ADIOSES
NUESTRO ADIÓS
¡Si no sabía llorar...! Jamás su frente
se dobló a los pesares.
Fue siempre la mujer indiferente,
la diosa a recibir acostumbrada
incienso de alabanza en sus altares.
Amor junto a ella humilde
las alas plegó inquietas,
y repitió a su oído suplicante
el cántico de amor de los poetas.
Y acaso el aura fría
de la noche besando sus cabellos,
en un vago sollozo le traía
una voz de ultratumba en que gemía
el adiós postrimer de alguno de ellos.
Mas no sabía llorar...
Y, aquella tarde,
—una tarde sin luz, triste y lluviosa—,
inclinó la cabeza silenciosa
así como las blandas florecillas
que hirió la tempestad. Los soberanos
ojos cubriose con entrambas manos
y el llanto desbordó por sus mejillas.
Lloraba, sí, lloraba.... De rodillas,
yo, traspasado de dolor, le hablaba...
Pero ella no me oía;
¡callaba, sollozaba, se moría...!
Sólo sentí su mano que temblaba
desesperada al estrechar la mía.
Era aquel nuestro adiós. Era el momento
solemne de pasión y de tormento
de un amor inmortal.
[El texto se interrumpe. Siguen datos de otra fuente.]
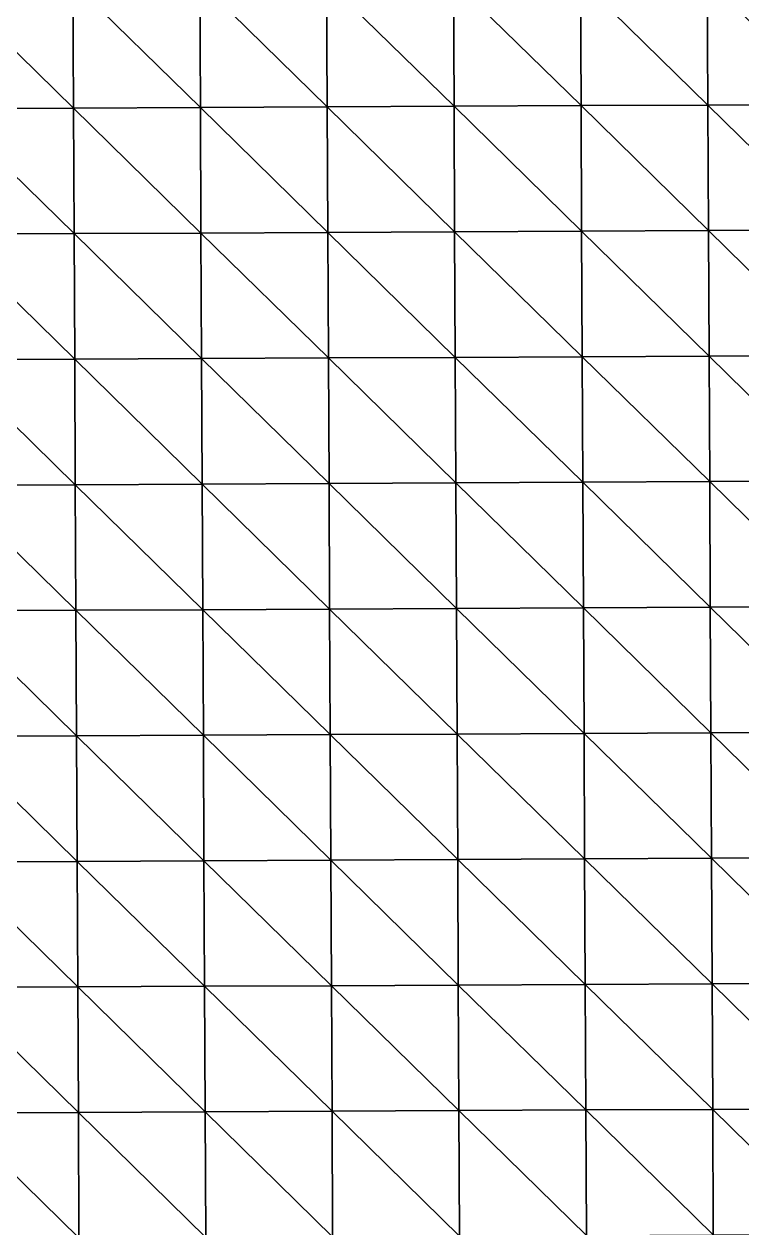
# Model space of a CAD drawing. Extents: x -372 to 678, y -263 to 741.
# Drawn here: x 5.1 to 76.1, y 502.2 to 621.4 of the extents above; entities that cross this region are included whole.
import ezdxf

# ---------------------------------------------------------------- set-up
doc = ezdxf.new("R2010")
doc.units = 0
doc.header["$LTSCALE"] = 0.0254
doc.layers.get('0').update_dxf_attribs({"linetype": 'CONTINUOUS'})
doc.layers.add('LOCATION_SNAPSHOT', color=144, linetype='CONTINUOUS')
doc.layers.add('LOCATION_TERRAIN', color=36, linetype='CONTINUOUS')

# ---------------------------------------------------------------- blocks, each defined once
blk = doc.blocks.new('LOCATION_SNAPSHOT_1')
at = {"color": 8}
mesh = blk.add_polyface(dxfattribs=at)
corners = [(-63.49, 214.77), (675.12, 740.67), (-66.01, 737.09), (677.64, 218.35)]
mesh.append_faces([[corners[k] for k in face] for face in [(0, 1, 2), (1, 0, 3)]], dxfattribs={"vtx0": -1, "color": 8})
blk = doc.blocks.new('LOCATION_TERRAIN_1')
at = {"color": 8}
mesh = blk.add_polyface(dxfattribs=at)
corners = [(9.96, 613.09, -6.89), (9.9, 625.53, -7.9), (-2.66, 625.47, -7.46)]
mesh.append_faces([[corners[k] for k in face] for face in [(0, 1, 2)]], dxfattribs={"color": 8})
mesh = blk.add_polyface(dxfattribs=at)
corners = [(9.96, 613.09, -6.89), (-2.66, 625.47, -7.46), (-2.6, 613.03, -6.34)]
mesh.append_faces([[corners[k] for k in face] for face in [(0, 1, 2)]], dxfattribs={"color": 8})
mesh = blk.add_polyface(dxfattribs=at)
corners = [(22.52, 613.15, -7.53), (22.46, 625.59, -8.24), (9.9, 625.53, -7.9)]
mesh.append_faces([[corners[k] for k in face] for face in [(0, 1, 2)]], dxfattribs={"color": 8})
mesh = blk.add_polyface(dxfattribs=at)
corners = [(22.52, 613.15, -7.53), (9.9, 625.53, -7.9), (9.96, 613.09, -6.89)]
mesh.append_faces([[corners[k] for k in face] for face in [(0, 1, 2)]], dxfattribs={"color": 8})
mesh = blk.add_polyface(dxfattribs=at)
corners = [(35.08, 613.21, -8.19), (35.02, 625.65, -8.58), (22.46, 625.59, -8.24)]
mesh.append_faces([[corners[k] for k in face] for face in [(0, 1, 2)]], dxfattribs={"color": 8})
mesh = blk.add_polyface(dxfattribs=at)
corners = [(35.08, 613.21, -8.19), (22.46, 625.59, -8.24), (22.52, 613.15, -7.53)]
mesh.append_faces([[corners[k] for k in face] for face in [(0, 1, 2)]], dxfattribs={"color": 8})
mesh = blk.add_polyface(dxfattribs=at)
corners = [(47.64, 613.28, -8.85), (47.58, 625.71, -8.91), (35.02, 625.65, -8.58)]
mesh.append_faces([[corners[k] for k in face] for face in [(0, 1, 2)]], dxfattribs={"color": 8})
mesh = blk.add_polyface(dxfattribs=at)
corners = [(47.64, 613.28, -8.85), (35.02, 625.65, -8.58), (35.08, 613.21, -8.19)]
mesh.append_faces([[corners[k] for k in face] for face in [(0, 1, 2)]], dxfattribs={"color": 8})
mesh = blk.add_polyface(dxfattribs=at)
corners = [(60.21, 613.34, -8.61), (60.15, 625.77, -8.52), (47.58, 625.71, -8.91)]
mesh.append_faces([[corners[k] for k in face] for face in [(0, 1, 2)]], dxfattribs={"color": 8})
mesh = blk.add_polyface(dxfattribs=at)
corners = [(60.21, 613.34, -8.61), (47.58, 625.71, -8.91), (47.64, 613.28, -8.85)]
mesh.append_faces([[corners[k] for k in face] for face in [(0, 1, 2)]], dxfattribs={"color": 8})
mesh = blk.add_polyface(dxfattribs=at)
corners = [(72.77, 613.4, -8.17), (72.71, 625.83, -7.97), (60.15, 625.77, -8.52)]
mesh.append_faces([[corners[k] for k in face] for face in [(0, 1, 2)]], dxfattribs={"color": 8})
mesh = blk.add_polyface(dxfattribs=at)
corners = [(72.77, 613.4, -8.17), (60.15, 625.77, -8.52), (60.21, 613.34, -8.61)]
mesh.append_faces([[corners[k] for k in face] for face in [(0, 1, 2)]], dxfattribs={"color": 8})
mesh = blk.add_polyface(dxfattribs=at)
corners = [(85.33, 613.46, -7.73), (85.27, 625.89, -7.42), (72.71, 625.83, -7.97)]
mesh.append_faces([[corners[k] for k in face] for face in [(0, 1, 2)]], dxfattribs={"color": 8})
mesh = blk.add_polyface(dxfattribs=at)
corners = [(85.33, 613.46, -7.73), (72.71, 625.83, -7.97), (72.77, 613.4, -8.17)]
mesh.append_faces([[corners[k] for k in face] for face in [(0, 1, 2)]], dxfattribs={"color": 8})
mesh = blk.add_polyface(dxfattribs=at)
corners = [(10.02, 600.66, -5.89), (9.96, 613.09, -6.89), (-2.6, 613.03, -6.34)]
mesh.append_faces([[corners[k] for k in face] for face in [(0, 1, 2)]], dxfattribs={"color": 8})
mesh = blk.add_polyface(dxfattribs=at)
corners = [(10.02, 600.66, -5.89), (-2.6, 613.03, -6.34), (-2.54, 600.6, -5.23)]
mesh.append_faces([[corners[k] for k in face] for face in [(0, 1, 2)]], dxfattribs={"color": 8})
mesh = blk.add_polyface(dxfattribs=at)
corners = [(22.58, 600.72, -6.82), (22.52, 613.15, -7.53), (9.96, 613.09, -6.89)]
mesh.append_faces([[corners[k] for k in face] for face in [(0, 1, 2)]], dxfattribs={"color": 8})
mesh = blk.add_polyface(dxfattribs=at)
corners = [(22.58, 600.72, -6.82), (9.96, 613.09, -6.89), (10.02, 600.66, -5.89)]
mesh.append_faces([[corners[k] for k in face] for face in [(0, 1, 2)]], dxfattribs={"color": 8})
mesh = blk.add_polyface(dxfattribs=at)
corners = [(35.14, 600.78, -7.8), (35.08, 613.21, -8.19), (22.52, 613.15, -7.53)]
mesh.append_faces([[corners[k] for k in face] for face in [(0, 1, 2)]], dxfattribs={"color": 8})
mesh = blk.add_polyface(dxfattribs=at)
corners = [(35.14, 600.78, -7.8), (22.52, 613.15, -7.53), (22.58, 600.72, -6.82)]
mesh.append_faces([[corners[k] for k in face] for face in [(0, 1, 2)]], dxfattribs={"color": 8})
mesh = blk.add_polyface(dxfattribs=at)
corners = [(47.7, 600.84, -8.79), (47.64, 613.28, -8.85), (35.08, 613.21, -8.19)]
mesh.append_faces([[corners[k] for k in face] for face in [(0, 1, 2)]], dxfattribs={"color": 8})
mesh = blk.add_polyface(dxfattribs=at)
corners = [(47.7, 600.84, -8.79), (35.08, 613.21, -8.19), (35.14, 600.78, -7.8)]
mesh.append_faces([[corners[k] for k in face] for face in [(0, 1, 2)]], dxfattribs={"color": 8})
mesh = blk.add_polyface(dxfattribs=at)
corners = [(60.27, 600.9, -8.7), (60.21, 613.34, -8.61), (47.64, 613.28, -8.85)]
mesh.append_faces([[corners[k] for k in face] for face in [(0, 1, 2)]], dxfattribs={"color": 8})
mesh = blk.add_polyface(dxfattribs=at)
corners = [(60.27, 600.9, -8.7), (47.64, 613.28, -8.85), (47.7, 600.84, -8.79)]
mesh.append_faces([[corners[k] for k in face] for face in [(0, 1, 2)]], dxfattribs={"color": 8})
mesh = blk.add_polyface(dxfattribs=at)
corners = [(72.83, 600.96, -8.37), (72.77, 613.4, -8.17), (60.21, 613.34, -8.61)]
mesh.append_faces([[corners[k] for k in face] for face in [(0, 1, 2)]], dxfattribs={"color": 8})
mesh = blk.add_polyface(dxfattribs=at)
corners = [(72.83, 600.96, -8.37), (60.21, 613.34, -8.61), (60.27, 600.9, -8.7)]
mesh.append_faces([[corners[k] for k in face] for face in [(0, 1, 2)]], dxfattribs={"color": 8})
mesh = blk.add_polyface(dxfattribs=at)
corners = [(85.39, 601.02, -8.03), (85.33, 613.46, -7.73), (72.77, 613.4, -8.17)]
mesh.append_faces([[corners[k] for k in face] for face in [(0, 1, 2)]], dxfattribs={"color": 8})
mesh = blk.add_polyface(dxfattribs=at)
corners = [(85.39, 601.02, -8.03), (72.77, 613.4, -8.17), (72.83, 600.96, -8.37)]
mesh.append_faces([[corners[k] for k in face] for face in [(0, 1, 2)]], dxfattribs={"color": 8})
mesh = blk.add_polyface(dxfattribs=at)
corners = [(10.08, 588.22, -4.9), (10.02, 600.66, -5.89), (-2.54, 600.6, -5.23)]
mesh.append_faces([[corners[k] for k in face] for face in [(0, 1, 2)]], dxfattribs={"color": 8})
mesh = blk.add_polyface(dxfattribs=at)
corners = [(10.08, 588.22, -4.9), (-2.54, 600.6, -5.23), (-2.48, 588.16, -4.24)]
mesh.append_faces([[corners[k] for k in face] for face in [(0, 1, 2)]], dxfattribs={"color": 8})
mesh = blk.add_polyface(dxfattribs=at)
corners = [(22.64, 588.28, -5.75), (22.58, 600.72, -6.82), (10.02, 600.66, -5.89)]
mesh.append_faces([[corners[k] for k in face] for face in [(0, 1, 2)]], dxfattribs={"color": 8})
mesh = blk.add_polyface(dxfattribs=at)
corners = [(22.64, 588.28, -5.75), (10.02, 600.66, -5.89), (10.08, 588.22, -4.9)]
mesh.append_faces([[corners[k] for k in face] for face in [(0, 1, 2)]], dxfattribs={"color": 8})
mesh = blk.add_polyface(dxfattribs=at)
corners = [(35.2, 588.34, -6.63), (35.14, 600.78, -7.8), (22.58, 600.72, -6.82)]
mesh.append_faces([[corners[k] for k in face] for face in [(0, 1, 2)]], dxfattribs={"color": 8})
mesh = blk.add_polyface(dxfattribs=at)
corners = [(35.2, 588.34, -6.63), (22.58, 600.72, -6.82), (22.64, 588.28, -5.75)]
mesh.append_faces([[corners[k] for k in face] for face in [(0, 1, 2)]], dxfattribs={"color": 8})
mesh = blk.add_polyface(dxfattribs=at)
corners = [(47.76, 588.4, -7.52), (47.7, 600.84, -8.79), (35.14, 600.78, -7.8)]
mesh.append_faces([[corners[k] for k in face] for face in [(0, 1, 2)]], dxfattribs={"color": 8})
mesh = blk.add_polyface(dxfattribs=at)
corners = [(47.76, 588.4, -7.52), (35.14, 600.78, -7.8), (35.2, 588.34, -6.63)]
mesh.append_faces([[corners[k] for k in face] for face in [(0, 1, 2)]], dxfattribs={"color": 8})
mesh = blk.add_polyface(dxfattribs=at)
corners = [(60.33, 588.46, -7.5), (60.27, 600.9, -8.7), (47.7, 600.84, -8.79)]
mesh.append_faces([[corners[k] for k in face] for face in [(0, 1, 2)]], dxfattribs={"color": 8})
mesh = blk.add_polyface(dxfattribs=at)
corners = [(60.33, 588.46, -7.5), (47.7, 600.84, -8.79), (47.76, 588.4, -7.52)]
mesh.append_faces([[corners[k] for k in face] for face in [(0, 1, 2)]], dxfattribs={"color": 8})
mesh = blk.add_polyface(dxfattribs=at)
corners = [(72.89, 588.52, -7.28), (72.83, 600.96, -8.37), (60.27, 600.9, -8.7)]
mesh.append_faces([[corners[k] for k in face] for face in [(0, 1, 2)]], dxfattribs={"color": 8})
mesh = blk.add_polyface(dxfattribs=at)
corners = [(72.89, 588.52, -7.28), (60.27, 600.9, -8.7), (60.33, 588.46, -7.5)]
mesh.append_faces([[corners[k] for k in face] for face in [(0, 1, 2)]], dxfattribs={"color": 8})
mesh = blk.add_polyface(dxfattribs=at)
corners = [(85.45, 588.58, -7.05), (85.39, 601.02, -8.03), (72.83, 600.96, -8.37)]
mesh.append_faces([[corners[k] for k in face] for face in [(0, 1, 2)]], dxfattribs={"color": 8})
mesh = blk.add_polyface(dxfattribs=at)
corners = [(85.45, 588.58, -7.05), (72.83, 600.96, -8.37), (72.89, 588.52, -7.28)]
mesh.append_faces([[corners[k] for k in face] for face in [(0, 1, 2)]], dxfattribs={"color": 8})
mesh = blk.add_polyface(dxfattribs=at)
corners = [(10.14, 575.78, -3.92), (10.08, 588.22, -4.9), (-2.48, 588.16, -4.24)]
mesh.append_faces([[corners[k] for k in face] for face in [(0, 1, 2)]], dxfattribs={"color": 8})
mesh = blk.add_polyface(dxfattribs=at)
corners = [(10.14, 575.78, -3.92), (-2.48, 588.16, -4.24), (-2.42, 575.72, -3.26)]
mesh.append_faces([[corners[k] for k in face] for face in [(0, 1, 2)]], dxfattribs={"color": 8})
mesh = blk.add_polyface(dxfattribs=at)
corners = [(22.7, 575.85, -4.67), (22.64, 588.28, -5.75), (10.08, 588.22, -4.9)]
mesh.append_faces([[corners[k] for k in face] for face in [(0, 1, 2)]], dxfattribs={"color": 8})
mesh = blk.add_polyface(dxfattribs=at)
corners = [(22.7, 575.85, -4.67), (10.08, 588.22, -4.9), (10.14, 575.78, -3.92)]
mesh.append_faces([[corners[k] for k in face] for face in [(0, 1, 2)]], dxfattribs={"color": 8})
mesh = blk.add_polyface(dxfattribs=at)
corners = [(35.26, 575.91, -5.45), (35.2, 588.34, -6.63), (22.64, 588.28, -5.75)]
mesh.append_faces([[corners[k] for k in face] for face in [(0, 1, 2)]], dxfattribs={"color": 8})
mesh = blk.add_polyface(dxfattribs=at)
corners = [(35.26, 575.91, -5.45), (22.64, 588.28, -5.75), (22.7, 575.85, -4.67)]
mesh.append_faces([[corners[k] for k in face] for face in [(0, 1, 2)]], dxfattribs={"color": 8})
mesh = blk.add_polyface(dxfattribs=at)
corners = [(47.82, 575.97, -6.22), (47.76, 588.4, -7.52), (35.2, 588.34, -6.63)]
mesh.append_faces([[corners[k] for k in face] for face in [(0, 1, 2)]], dxfattribs={"color": 8})
mesh = blk.add_polyface(dxfattribs=at)
corners = [(47.82, 575.97, -6.22), (35.2, 588.34, -6.63), (35.26, 575.91, -5.45)]
mesh.append_faces([[corners[k] for k in face] for face in [(0, 1, 2)]], dxfattribs={"color": 8})
mesh = blk.add_polyface(dxfattribs=at)
corners = [(60.39, 576.03, -6.27), (60.33, 588.46, -7.5), (47.76, 588.4, -7.52)]
mesh.append_faces([[corners[k] for k in face] for face in [(0, 1, 2)]], dxfattribs={"color": 8})
mesh = blk.add_polyface(dxfattribs=at)
corners = [(60.39, 576.03, -6.27), (47.76, 588.4, -7.52), (47.82, 575.97, -6.22)]
mesh.append_faces([[corners[k] for k in face] for face in [(0, 1, 2)]], dxfattribs={"color": 8})
mesh = blk.add_polyface(dxfattribs=at)
corners = [(72.95, 576.09, -6.16), (72.89, 588.52, -7.28), (60.33, 588.46, -7.5)]
mesh.append_faces([[corners[k] for k in face] for face in [(0, 1, 2)]], dxfattribs={"color": 8})
mesh = blk.add_polyface(dxfattribs=at)
corners = [(72.95, 576.09, -6.16), (60.33, 588.46, -7.5), (60.39, 576.03, -6.27)]
mesh.append_faces([[corners[k] for k in face] for face in [(0, 1, 2)]], dxfattribs={"color": 8})
mesh = blk.add_polyface(dxfattribs=at)
corners = [(85.51, 576.15, -6.04), (85.45, 588.58, -7.05), (72.89, 588.52, -7.28)]
mesh.append_faces([[corners[k] for k in face] for face in [(0, 1, 2)]], dxfattribs={"color": 8})
mesh = blk.add_polyface(dxfattribs=at)
corners = [(85.51, 576.15, -6.04), (72.89, 588.52, -7.28), (72.95, 576.09, -6.16)]
mesh.append_faces([[corners[k] for k in face] for face in [(0, 1, 2)]], dxfattribs={"color": 8})
mesh = blk.add_polyface(dxfattribs=at)
corners = [(60.45, 563.59, -5.05), (60.39, 576.03, -6.27), (47.82, 575.97, -6.22)]
mesh.append_faces([[corners[k] for k in face] for face in [(0, 1, 2)]], dxfattribs={"color": 8})
mesh = blk.add_polyface(dxfattribs=at)
corners = [(73.01, 563.65, -5.04), (72.95, 576.09, -6.16), (60.39, 576.03, -6.27)]
mesh.append_faces([[corners[k] for k in face] for face in [(0, 1, 2)]], dxfattribs={"color": 8})
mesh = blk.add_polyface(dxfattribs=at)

Eran dos almas
locamente estrechadas en el fuerte
nupcial abrazo de una sola vida,
que separaba, haciéndolas pedazos,
la mano inexorable de la suerte
con el fúnebre adiós de la partida.
Y lloraba en mis brazos... Y lloraba
con tan triste y profundo desconsuelo,
que en tan lúgubre, tarde parecía
que al mirarla llorar lloraba el cielo
y que por ella se enlutaba el día.
Y mojaba la lluvia su semblante,
su semblante tan pálido y tan bello,
y el viento de la tarde sollozante
agitaba en desorden su cabello.
Yo lo hablaba, le hablaba.... No me oía...
Solamente su mano temblorosa
se estrechaba convulsa con la mía.
Así fue nuestro adiós... Toda mi alma
dejé en sus labios con pasión opresos,
y me traje la suya, que bebieron
en sus ardientes lágrimas mis besos.